Ser dos bosques e pastagens; rebanhos e pastores, Pã habitava uma gruta e se divertia nas florestas caçando ou fornicando as ninfas, um belo fauno de viris virtudes

Retratado como metade homem e metade bode, chifres e longa barba, era um ávido cortejador de ninfas e também temido e apontado como causador do pânico, pois, reinando nas matas o local era próspero em espíritos, como até hoje são as virgens florestas

Pã, o amante das ninfas e da música, seria, também, o senhor pânico! Que loucura.

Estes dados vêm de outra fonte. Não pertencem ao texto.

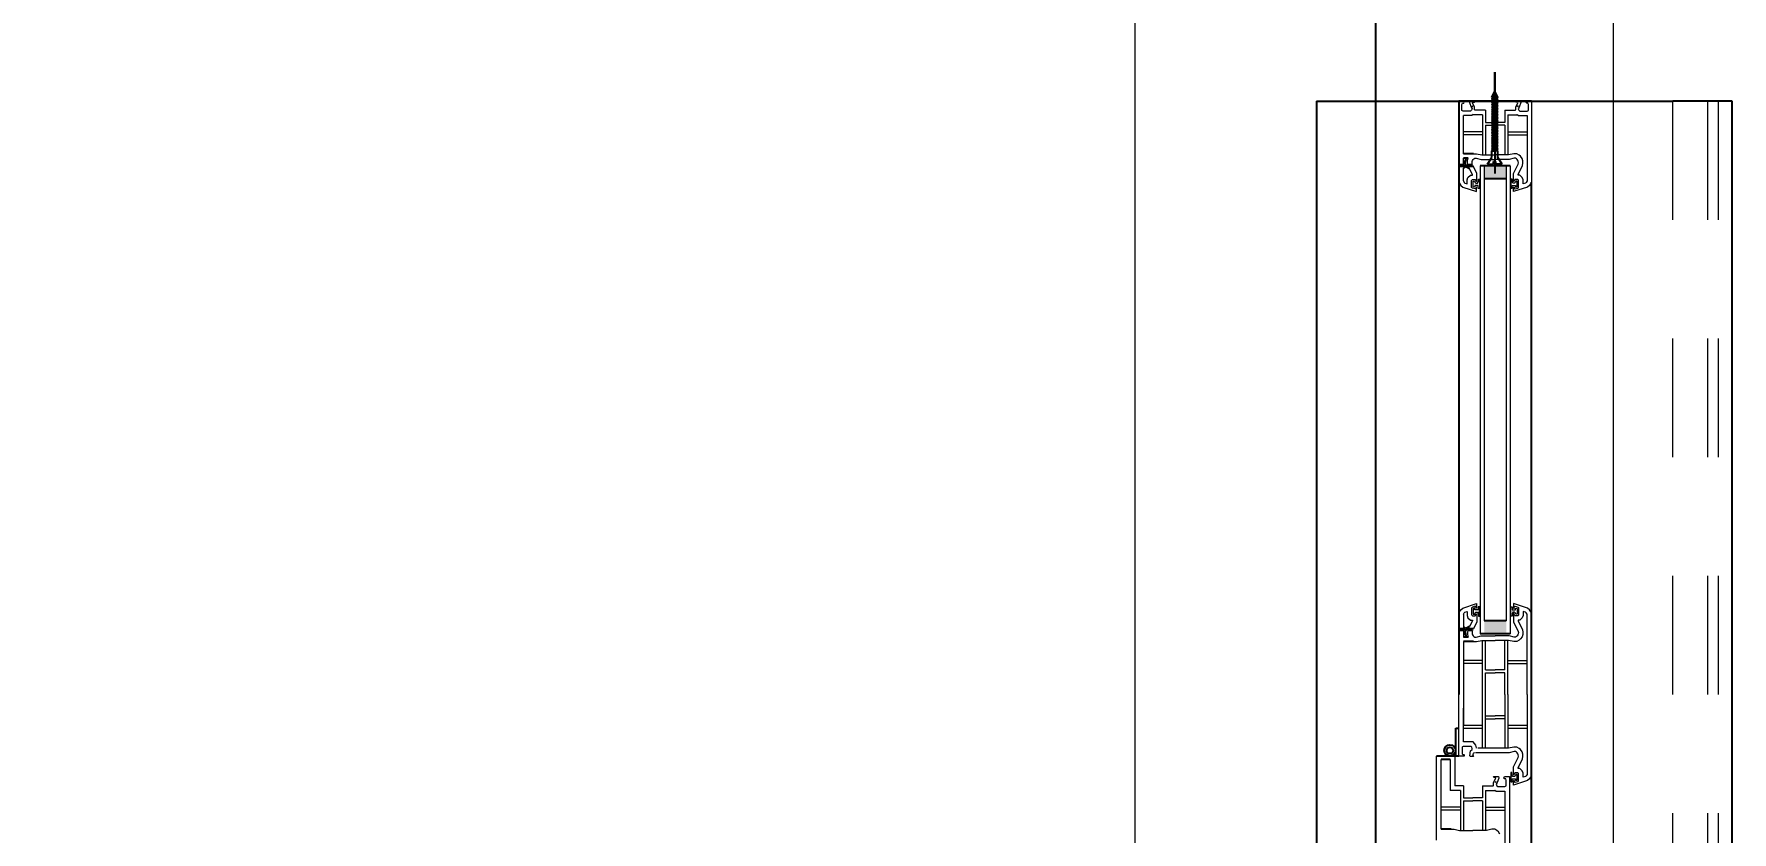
# Model space of a CAD drawing. Header units: metres. Extents: x -355 to 973, y -73 to 238.
# Drawn here: x 730.487 to 731.918, y 164.357 to 165.03 of the extents above; entities that cross this region are included whole.
import ezdxf

# ---------------------------------------------------------------- set-up
doc = ezdxf.new("R2010")
doc.units = ezdxf.units.M
doc.header["$LTSCALE"] = 3
doc.header["$MEASUREMENT"] = 0
for name, pattern in [('1', [30, 6, 6, 6, 6, 6]), ('202$0$HIDDEN', [0.375, 0.25, -0.125]), ('DASHED2', [0.375, 0.25, -0.125])]:
    doc.linetypes.add(name, pattern=pattern)
doc.layers.add('01B', color=10, linetype='Continuous')
doc.layers.add('5', color=2, linetype='Continuous')
doc.layers.add('05', color=21, linetype='Continuous', lineweight=5)
doc.layers.add('15', color=63, linetype='DASHED2', lineweight=15)
doc.styles.get("Standard").update_dxf_attribs({"font": 'arial.ttf'})
doc.dimstyles.new('ahmad', dxfattribs={"dimtxt": 0.2, "dimasz": 0.1375, "dimexe": 0, "dimexo": 0.0625, "dimgap": 0.09, "dimtad": 0, "dimzin": 0, "dimdsep": 46, "dimtxsty": 'Standard', "dimblk": 'OBLIQUE', "dimcen": 0.09, "dimclrd": 245, "dimclrt": 61, "dimadec": 0, "dimazin": 0, "dimtfac": 1, "dimtofl": 0, "dimtmove": 0, "dimatfit": 3, "dimldrblk": 'OBLIQUE', "dimfxl": 0, "dimfxlon": 1, "dimtolj": 1, "dimtzin": 0, "dimlwd": 13, "dimarcsym": 0})

# ---------------------------------------------------------------- blocks, each defined once
blk = doc.blocks.new('_Oblique')
at = {"color": 0, "linetype": 'ByBlock', "lineweight": -2}
blk.add_line((-0.5, -0.5), (0.5, 0.5), dxfattribs=at)
blk = doc.blocks.new('*D307')
at = {"color": 245, "lineweight": 13, "transparency": 16777216}
for p, q in [((731.4148, 172.9603), (731.4148, 167.678)), ((731.4148, 161.5603), (731.4148, 166.8426))]:
    blk.add_line(p, q, dxfattribs=at)
at = {"layer": 'Defpoints', "color": 0, "transparency": 16777216}
for p in [(731.6178, 172.9603), (731.4148, 161.5603), (731.6148, 161.5603)]:
    blk.add_point(p, dxfattribs=at)
at = {"color": 245, "lineweight": 13, "transparency": 16777216, "xscale": 0.1375, "yscale": 0.1375, "zscale": 0.1375}
for p, rotation in [((731.4148, 172.9603), 90), ((731.4148, 161.5603), 270)]:
    blk.add_blockref('_Oblique', p, dxfattribs=dict(at, rotation=rotation))
at = {"color": 61, "transparency": 16777216, "insert": (731.4148, 167.2603), "char_height": 0.2, "attachment_point": 5, "rotation": 90}
blk.add_mtext('\\A1;11.40', dxfattribs=at)
blk = doc.blocks.new('DSSSS')
at = {"layer": '05'}
for p, q in [((152.7604, -221.3864), (152.7604, -221.3872)), ((152.7604, -221.3872), (152.7664, -221.3872)), ((152.7664, -221.3872), (152.7664, -221.3863))]:
    blk.add_line(p, q, dxfattribs=at)
blk.add_lwpolyline([(152.7664, -221.3863), (152.7646, -221.3863), (152.7646, -221.384), (152.7657, -221.384), (152.7654, -221.383), (152.7617, -221.383), (152.7617, -221.3838), (152.7623, -221.3841), (152.763, -221.3847), (152.763, -221.3859), (152.7619, -221.3864), (152.7604, -221.3864)], dxfattribs=at)
blk = doc.blocks.new('ddd')
at = {"layer": '01B'}
for points in [[(1655.8293, 1003.8705), (1655.8184, 1003.8705), (1655.8184, 1003.889), (1655.8293, 1003.889)], [(1656.2018, 1003.8705), (1656.2127, 1003.8705), (1656.2127, 1003.889), (1656.2018, 1003.889)]]:
    blk.add_hatch(color=143, dxfattribs=at).paths.add_polyline_path(points)
at = {"layer": '01B', "color": 32}
for p in [(1655.7637, 1004.0793), (1655.7637, 1003.7293)]:
    blk.add_line(p, (1655.7637, 1004.0293), dxfattribs=at)
at = {"layer": '01B', "color": 143}
for p, q in [((1655.7637, 1003.9104), (1655.7637, 1003.8491)), ((1657.1951, 1003.9104), (1655.8322, 1003.9104)), ((1655.8168, 1003.8855), (1655.8114, 1003.8819)), ((1655.8168, 1003.8855), (1655.8168, 1003.8803)), ((1655.8184, 1003.8923), (1655.8184, 1003.8672)), ((1655.8293, 1003.889), (1655.8293, 1003.8705)), ((1656.2018, 1003.889), (1656.2018, 1003.8705)), ((1656.2127, 1003.8923), (1656.2127, 1003.8672)), ((1655.7802, 1003.8793), (1655.7393, 1003.8793)), ((1655.7393, 1003.8793), (1655.8247, 1003.8793)), ((1655.7608, 1003.8819), (1655.7555, 1003.8793)), ((1655.7608, 1003.8768), (1655.7555, 1003.8793)), ((1655.7608, 1003.8819), (1655.7587, 1003.8793)), ((1655.7608, 1003.8768), (1655.7587, 1003.8793)), ((1655.7621, 1003.8819), (1655.76, 1003.8793)), ((1655.7621, 1003.8768), (1655.76, 1003.8793)), ((1655.7608, 1003.8819), (1655.7616, 1003.8813)), ((1655.7608, 1003.8768), (1655.7616, 1003.8774)), ((1655.7633, 1003.8819), (1655.7612, 1003.8793)), ((1655.7633, 1003.8768), (1655.7612, 1003.8793)), ((1655.7621, 1003.8819), (1655.7628, 1003.8813)), ((1655.7621, 1003.8768), (1655.7628, 1003.8774)), ((1655.7646, 1003.8819), (1655.7624, 1003.8793)), ((1655.7646, 1003.8768), (1655.7624, 1003.8793)), ((1655.7633, 1003.8819), (1655.7641, 1003.8813)), ((1655.7633, 1003.8768), (1655.7641, 1003.8774)), ((1655.7658, 1003.8819), (1655.7637, 1003.8793)), ((1655.7658, 1003.8768), (1655.7637, 1003.8793)), ((1655.7646, 1003.8819), (1655.7653, 1003.8813)), ((1655.7646, 1003.8768), (1655.7653, 1003.8774)), ((1655.7671, 1003.8819), (1655.7649, 1003.8793)), ((1655.7671, 1003.8768), (1655.7649, 1003.8793)), ((1655.7658, 1003.8819), (1655.7666, 1003.8813)), ((1655.7658, 1003.8768), (1655.7666, 1003.8774)), ((1655.7683, 1003.8819), (1655.7662, 1003.8793)), ((1655.7683, 1003.8768), (1655.7662, 1003.8793)), ((1655.7671, 1003.8819), (1655.7678, 1003.8813)), ((1655.7671, 1003.8768), (1655.7678, 1003.8774)), ((1655.7696, 1003.8819), (1655.7674, 1003.8793)), ((1655.7696, 1003.8768), (1655.7674, 1003.8793)), ((1655.7683, 1003.8819), (1655.769, 1003.8813)), ((1655.7683, 1003.8768), (1655.769, 1003.8774)), ((1655.7708, 1003.8819), (1655.7687, 1003.8793)), ((1655.7708, 1003.8768), (1655.7687, 1003.8793)), ((1655.7696, 1003.8819), (1655.7703, 1003.8813)), ((1655.7696, 1003.8768), (1655.7703, 1003.8774)), ((1655.7721, 1003.8819), (1655.7699, 1003.8793)), ((1655.7721, 1003.8768), (1655.7699, 1003.8793)), ((1655.7708, 1003.8819), (1655.7715, 1003.8813)), ((1655.7708, 1003.8768), (1655.7715, 1003.8774)), ((1655.7733, 1003.8819), (1655.7712, 1003.8793)), ((1655.7733, 1003.8768), (1655.7712, 1003.8793)), ((1655.7721, 1003.8819), (1655.7728, 1003.8813)), ((1655.7721, 1003.8768), (1655.7728, 1003.8774)), ((1655.7745, 1003.8819), (1655.7724, 1003.8793)), ((1655.7745, 1003.8768), (1655.7724, 1003.8793)), ((1655.7733, 1003.8819), (1655.774, 1003.8813)), ((1655.7733, 1003.8768), (1655.774, 1003.8774)), ((1655.7758, 1003.8819), (1655.7737, 1003.8793)), ((1655.7758, 1003.8768), (1655.7737, 1003.8793)), ((1655.7745, 1003.8819), (1655.7753, 1003.8813)), ((1655.7745, 1003.8768), (1655.7753, 1003.8774)), ((1655.777, 1003.8819), (1655.7749, 1003.8793)), ((1655.777, 1003.8768), (1655.7749, 1003.8793)), ((1655.7758, 1003.8819), (1655.7765, 1003.8813)), ((1655.7758, 1003.8768), (1655.7765, 1003.8774)), ((1655.7783, 1003.8819), (1655.7762, 1003.8793)), ((1655.7783, 1003.8768), (1655.7762, 1003.8793)), ((1655.777, 1003.8819), (1655.7778, 1003.8813)), ((1655.777, 1003.8768), (1655.7778, 1003.8774)), ((1655.7795, 1003.8819), (1655.7774, 1003.8793)), ((1655.7795, 1003.8768), (1655.7774, 1003.8793)), ((1655.7783, 1003.8819), (1655.779, 1003.8813)), ((1655.7783, 1003.8768), (1655.779, 1003.8774)), ((1655.7808, 1003.8819), (1655.7786, 1003.8793)), ((1655.7808, 1003.8768), (1655.7786, 1003.8793)), ((1655.7795, 1003.8819), (1655.7803, 1003.8813)), ((1655.7795, 1003.8768), (1655.7803, 1003.8774)), ((1655.782, 1003.8819), (1655.7799, 1003.8793)), ((1655.782, 1003.8768), (1655.7799, 1003.8793)), ((1655.7808, 1003.8819), (1655.7815, 1003.8813)), ((1655.7808, 1003.8768), (1655.7815, 1003.8774)), ((1655.7833, 1003.8819), (1655.7811, 1003.8793)), ((1655.7833, 1003.8768), (1655.7811, 1003.8793)), ((1655.782, 1003.8819), (1655.7827, 1003.8813)), ((1655.782, 1003.8768), (1655.7827, 1003.8774)), ((1655.7845, 1003.8819), (1655.7824, 1003.8793)), ((1655.7845, 1003.8768), (1655.7824, 1003.8793)), ((1655.7833, 1003.8819), (1655.784, 1003.8813)), ((1655.7833, 1003.8768), (1655.784, 1003.8774)), ((1655.7858, 1003.8819), (1655.7836, 1003.8793)), ((1655.7858, 1003.8768), (1655.7836, 1003.8793)), ((1655.7845, 1003.8819), (1655.7852, 1003.8813)), ((1655.7845, 1003.8768), (1655.7852, 1003.8774)), ((1655.787, 1003.8819), (1655.7849, 1003.8793)), ((1655.787, 1003.8768), (1655.7849, 1003.8793)), ((1655.7858, 1003.8819), (1655.7865, 1003.8813)), ((1655.7858, 1003.8768), (1655.7865, 1003.8774)), ((1655.7882, 1003.8819), (1655.7861, 1003.8793)), ((1655.7882, 1003.8768), (1655.7861, 1003.8793)), ((1655.787, 1003.8819), (1655.7877, 1003.8813)), ((1655.787, 1003.8768), (1655.7877, 1003.8774)), ((1655.7895, 1003.8819), (1655.7874, 1003.8793)), ((1655.7895, 1003.8768), (1655.7874, 1003.8793)), ((1655.7882, 1003.8819), (1655.789, 1003.8813)), ((1655.7882, 1003.8768), (1655.789, 1003.8774)), ((1655.7907, 1003.8819), (1655.7886, 1003.8793)), ((1655.7907, 1003.8768), (1655.7886, 1003.8793)), ((1655.7895, 1003.8819), (1655.7902, 1003.8813)), ((1655.7895, 1003.8768), (1655.7902, 1003.8774)), ((1655.792, 1003.8819), (1655.7899, 1003.8793)), ((1655.792, 1003.8768), (1655.7899, 1003.8793)), ((1655.7907, 1003.8819), (1655.7915, 1003.8813)), ((1655.7907, 1003.8768), (1655.7915, 1003.8774)), ((1655.7932, 1003.8819), (1655.7911, 1003.8793)), ((1655.7932, 1003.8768), (1655.7911, 1003.8793)), ((1655.792, 1003.8819), (1655.7927, 1003.8813)), ((1655.792, 1003.8768), (1655.7927, 1003.8774)), ((1655.7945, 1003.8819), (1655.7923, 1003.8793)), ((1655.7945, 1003.8768), (1655.7923, 1003.8793)), ((1655.7932, 1003.8819), (1655.794, 1003.8813)), ((1655.7932, 1003.8768), (1655.794, 1003.8774)), ((1655.7957, 1003.8819), (1655.7936, 1003.8793)), ((1655.7957, 1003.8768), (1655.7936, 1003.8793)), ((1655.7945, 1003.8819), (1655.7952, 1003.8813)), ((1655.7945, 1003.8768), (1655.7952, 1003.8774)), ((1655.797, 1003.8819), (1655.7948, 1003.8793)), ((1655.797, 1003.8768), (1655.7948, 1003.8793)), ((1655.7957, 1003.8819), (1655.7965, 1003.8813)), ((1655.7957, 1003.8768), (1655.7965, 1003.8774)), ((1655.7982, 1003.8819), (1655.7961, 1003.8793)), ((1655.7982, 1003.8768), (1655.7961, 1003.8793)), ((1655.797, 1003.8819), (1655.7977, 1003.8813)), ((1655.797, 1003.8768), (1655.7977, 1003.8774)), ((1655.7995, 1003.8819), (1655.7973, 1003.8793)), ((1655.7995, 1003.8768), (1655.7973, 1003.8793)), ((1655.7982, 1003.8819), (1655.7989, 1003.8813)), ((1655.7982, 1003.8768), (1655.7989, 1003.8774)), ((1655.8007, 1003.8819), (1655.7986, 1003.8793)), ((1655.8007, 1003.8768), (1655.7986, 1003.8793)), ((1655.7995, 1003.8819), (1655.8002, 1003.8813)), ((1655.7995, 1003.8768), (1655.8002, 1003.8774)), ((1655.8019, 1003.8819), (1655.7998, 1003.8793)), ((1655.8019, 1003.8768), (1655.7998, 1003.8793)), ((1655.8007, 1003.8819), (1655.8014, 1003.8813)), ((1655.8007, 1003.8768), (1655.8014, 1003.8774)), ((1655.8032, 1003.8819), (1655.8011, 1003.8793)), ((1655.8032, 1003.8768), (1655.8011, 1003.8793)), ((1655.8019, 1003.8819), (1655.8027, 1003.8813)), ((1655.8019, 1003.8768), (1655.8027, 1003.8774)), ((1655.8044, 1003.8819), (1655.8023, 1003.8793)), ((1655.8044, 1003.8768), (1655.8023, 1003.8793)), ((1655.8032, 1003.8819), (1655.8039, 1003.8813)), ((1655.8032, 1003.8768), (1655.8039, 1003.8774)), ((1655.8057, 1003.8819), (1655.8036, 1003.8793)), ((1655.8057, 1003.8768), (1655.8036, 1003.8793)), ((1655.8044, 1003.8819), (1655.8052, 1003.8813)), ((1655.8044, 1003.8768), (1655.8052, 1003.8774)), ((1655.8114, 1003.8819), (1655.8057, 1003.8819)), ((1655.8057, 1003.8819), (1655.8057, 1003.8793)), ((1655.8057, 1003.8768), (1655.8057, 1003.8793)), ((1655.8114, 1003.8768), (1655.8057, 1003.8768)), ((1655.8168, 1003.8732), (1655.8114, 1003.8768)), ((1655.8168, 1003.8803), (1655.8147, 1003.8803)), ((1655.8147, 1003.8803), (1655.8147, 1003.8793)), ((1655.8147, 1003.8784), (1655.8147, 1003.8793)), ((1655.8168, 1003.8784), (1655.8147, 1003.8784)), ((1655.8168, 1003.8732), (1655.8168, 1003.8784)), ((1655.8082, 1003.8614), (1655.8082, 1003.8529)), ((1655.8119, 1003.8571), (1655.8119, 1003.8529)), ((1655.8174, 1003.8607), (1655.8174, 1003.8566)), ((1655.8189, 1003.8572), (1655.8178, 1003.8551)), ((1655.8189, 1003.8615), (1655.8189, 1003.8572)), ((1655.8209, 1003.8581), (1655.8193, 1003.8551)), ((1656.2065, 1003.8581), (1656.2081, 1003.8551)), ((1656.2084, 1003.8615), (1656.2084, 1003.8572)), ((1656.2084, 1003.8572), (1656.2095, 1003.8551)), ((1656.2099, 1003.8607), (1656.2099, 1003.8566)), ((1656.2154, 1003.8571), (1656.2154, 1003.8529)), ((1656.2192, 1003.8614), (1656.2192, 1003.8529)), ((1655.7637, 1003.8491), (1656.2637, 1003.8491)), ((1655.8123, 1003.8555), (1655.8122, 1003.8549)), ((1655.8174, 1003.8529), (1655.8174, 1003.8491)), ((1655.8181, 1003.8545), (1655.8189, 1003.8529)), ((1655.8189, 1003.8529), (1655.8189, 1003.8491)), ((1655.8193, 1003.8551), (1655.8204, 1003.8529)), ((1656.2081, 1003.8551), (1656.207, 1003.8529)), ((1656.2092, 1003.8545), (1656.2084, 1003.8529)), ((1656.2084, 1003.8529), (1656.2084, 1003.8491)), ((1656.2099, 1003.8529), (1656.2099, 1003.8491)), ((1656.215, 1003.8555), (1656.2152, 1003.8549)), ((1656.2921, 1003.8467), (1656.2921, 1003.8491)), ((1656.3159, 1003.8467), (1656.2921, 1003.8467)), ((1656.3159, 1003.8491), (1656.3159, 1003.8467)), ((1656.3159, 1003.8456), (1656.3159, 1003.8304)), ((1656.3774, 1003.8427), (1656.3774, 1003.8342)), ((1656.3185, 1003.8418), (1656.3185, 1003.8342))]:
    blk.add_line(p, q, dxfattribs=at)
for radius in [0.00477, 0.00274]:
    blk.add_circle((1656.3109, 1003.8416), radius, dxfattribs=at)
at = {"layer": '05', "color": 143}
for p, q in [((1655.7637, 1003.9064), (1655.7637, 1003.9104)), ((1655.7651, 1003.9057), (1655.7637, 1003.9064)), ((1655.7637, 1003.9013), (1655.7651, 1003.9014)), ((1655.7637, 1003.8972), (1655.7637, 1003.9013)), ((1655.7656, 1003.9063), (1655.7651, 1003.9057)), ((1655.7651, 1003.9014), (1655.7689, 1003.8999)), ((1655.7667, 1003.9078), (1655.7656, 1003.9073)), ((1655.7656, 1003.9073), (1655.7656, 1003.9063)), ((1655.771, 1003.9078), (1655.7667, 1003.9078)), ((1655.7689, 1003.8999), (1655.7702, 1003.8991)), ((1655.7702, 1003.8991), (1655.7715, 1003.8997)), ((1655.7716, 1003.9077), (1655.771, 1003.9078)), ((1655.7715, 1003.8997), (1655.7722, 1003.9006)), ((1655.7722, 1003.9067), (1655.7716, 1003.9077)), ((1655.7722, 1003.9006), (1655.7722, 1003.9067)), ((1655.7752, 1003.8982), (1655.776, 1003.8993)), ((1655.776, 1003.8993), (1655.776, 1003.9066)), ((1655.776, 1003.9066), (1655.8311, 1003.9066)), ((1655.7896, 1003.8904), (1655.7896, 1003.9066)), ((1655.7921, 1003.8904), (1655.7921, 1003.9066)), ((1655.8093, 1003.8999), (1655.8082, 1003.898)), ((1655.8103, 1003.9011), (1655.8093, 1003.8999)), ((1655.8122, 1003.9024), (1655.8103, 1003.9011)), ((1655.814, 1003.903), (1655.8122, 1003.9024)), ((1655.816, 1003.9031), (1655.814, 1003.903)), ((1655.818, 1003.9027), (1655.816, 1003.9031)), ((1655.8257, 1003.899), (1655.818, 1003.9027)), ((1655.8282, 1003.9026), (1655.8261, 1003.9005)), ((1655.8261, 1003.9005), (1655.8261, 1003.899)), ((1655.8301, 1003.9033), (1655.8282, 1003.9026)), ((1655.8334, 1003.9033), (1655.8301, 1003.9033)), ((1655.8311, 1003.9066), (1655.8323, 1003.9058)), ((1655.8323, 1003.9058), (1655.8328, 1003.9052)), ((1655.8328, 1003.9052), (1655.8334, 1003.9033)), ((1656.1945, 1003.9052), (1656.1939, 1003.9033)), ((1656.1939, 1003.9033), (1656.1973, 1003.9033)), ((1656.195, 1003.9058), (1656.1945, 1003.9052)), ((1656.1962, 1003.9066), (1656.195, 1003.9058)), ((1656.2637, 1003.9066), (1656.1962, 1003.9066)), ((1656.1973, 1003.9033), (1656.1992, 1003.9026)), ((1656.1992, 1003.9026), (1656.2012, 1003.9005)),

Parece um contra senso a síndrome do pânico ter sido originária de ser tão admirável paquerador de donzelas

As ninfas, filantropos leitores, são retratadas pelos pintores europeus como belíssimas - símbolos da pureza - e povoavam à mancheia os bosques e aqul'outras áreas contemplativas do amor

A pena de Thomas Bulfinch no "Livro de Ouro da Mitologia" diz que havia as Náiades, que governavam regatos e fontes assemelhando-se às sereias; as Oréadas, das montanhas e grutas; e as Nereidas, donas do mar e consideradas imortais, enquanto as Driádes, dos bosques, morriam como as árvores onde nasciam e moravam

Naquele tempo - ainda não existia motosserra - era um pecado capital derrubar uma árvore, pois, significava como se tivesse matando uma driáde, cortando a cabeça de uma jovem 

Pã fazia a alegria dessas ninfas com sua beleza e amor, com suas melodias e gracejos conquistadores
Milton poetizou: Em mais sombreado e protegido abrigo/Pã ou Silvano não dormiam, e as ninfas/ E os faunos outro igual não visitaram  

Numa das suas caminhadas, Pã deparou-se com a ninfa Syrinx, filha do Deus-Rio Ladon, e se apaixonou. Ora, Pã, amante da música e símbolo do universo, acostumado a ser conquistado, de repente viu-se rejeitado

Syrinx, a mais bela entre as belas - ainda não existia o Ilê Aiyê - não se deixou seduzir e como tinha habilidade de correr pelas florestas e montanhas por longos períodos sem se cansar fugiu

Pã, o Fauno latino, a perseguiu sem cessar. Exausta, Syrinx correu para a beira do rio pedindo ajuda a seu pai e às suas irmãs, as ninfas ladônides

Momentos antes dos braços de Pã envolverem seu corpo e possuí-la, ela desapareceu no ar e se transformou em juncos graças ao poder de Ladon

Bravio, enciumado da natureza, Pã quebrou os juncos em pedaços e um vento forte soprou através deles emitindo um belo som como se fosse doce melodia saindo dos lábios e da voz de Syrinx 

Apavorado, Pã selecionou alguns pedaços de junco, uniu-os com cera e fios e construiu uma flauta, conhecida daquele dia em diante como flauta de Syrinx ou flauta de Pã, o que representa o seu amor perdido

Quando os peruanos e os bolivianos, nos Andes, tocam flautas de bambus na Praça da Sé o sentimento de quem ouve é de paz, serenidade e ao mesmo tempo de busca por um amor perdido nas brumas andinas

 E o que teria em semelhança o pobre amolador de tesouras e facas a passar sempre em nossa rua ostentando um imenso chapéu de palha para se proteger do sol e usando sandálias havaianas com seu carrinho de esmeril?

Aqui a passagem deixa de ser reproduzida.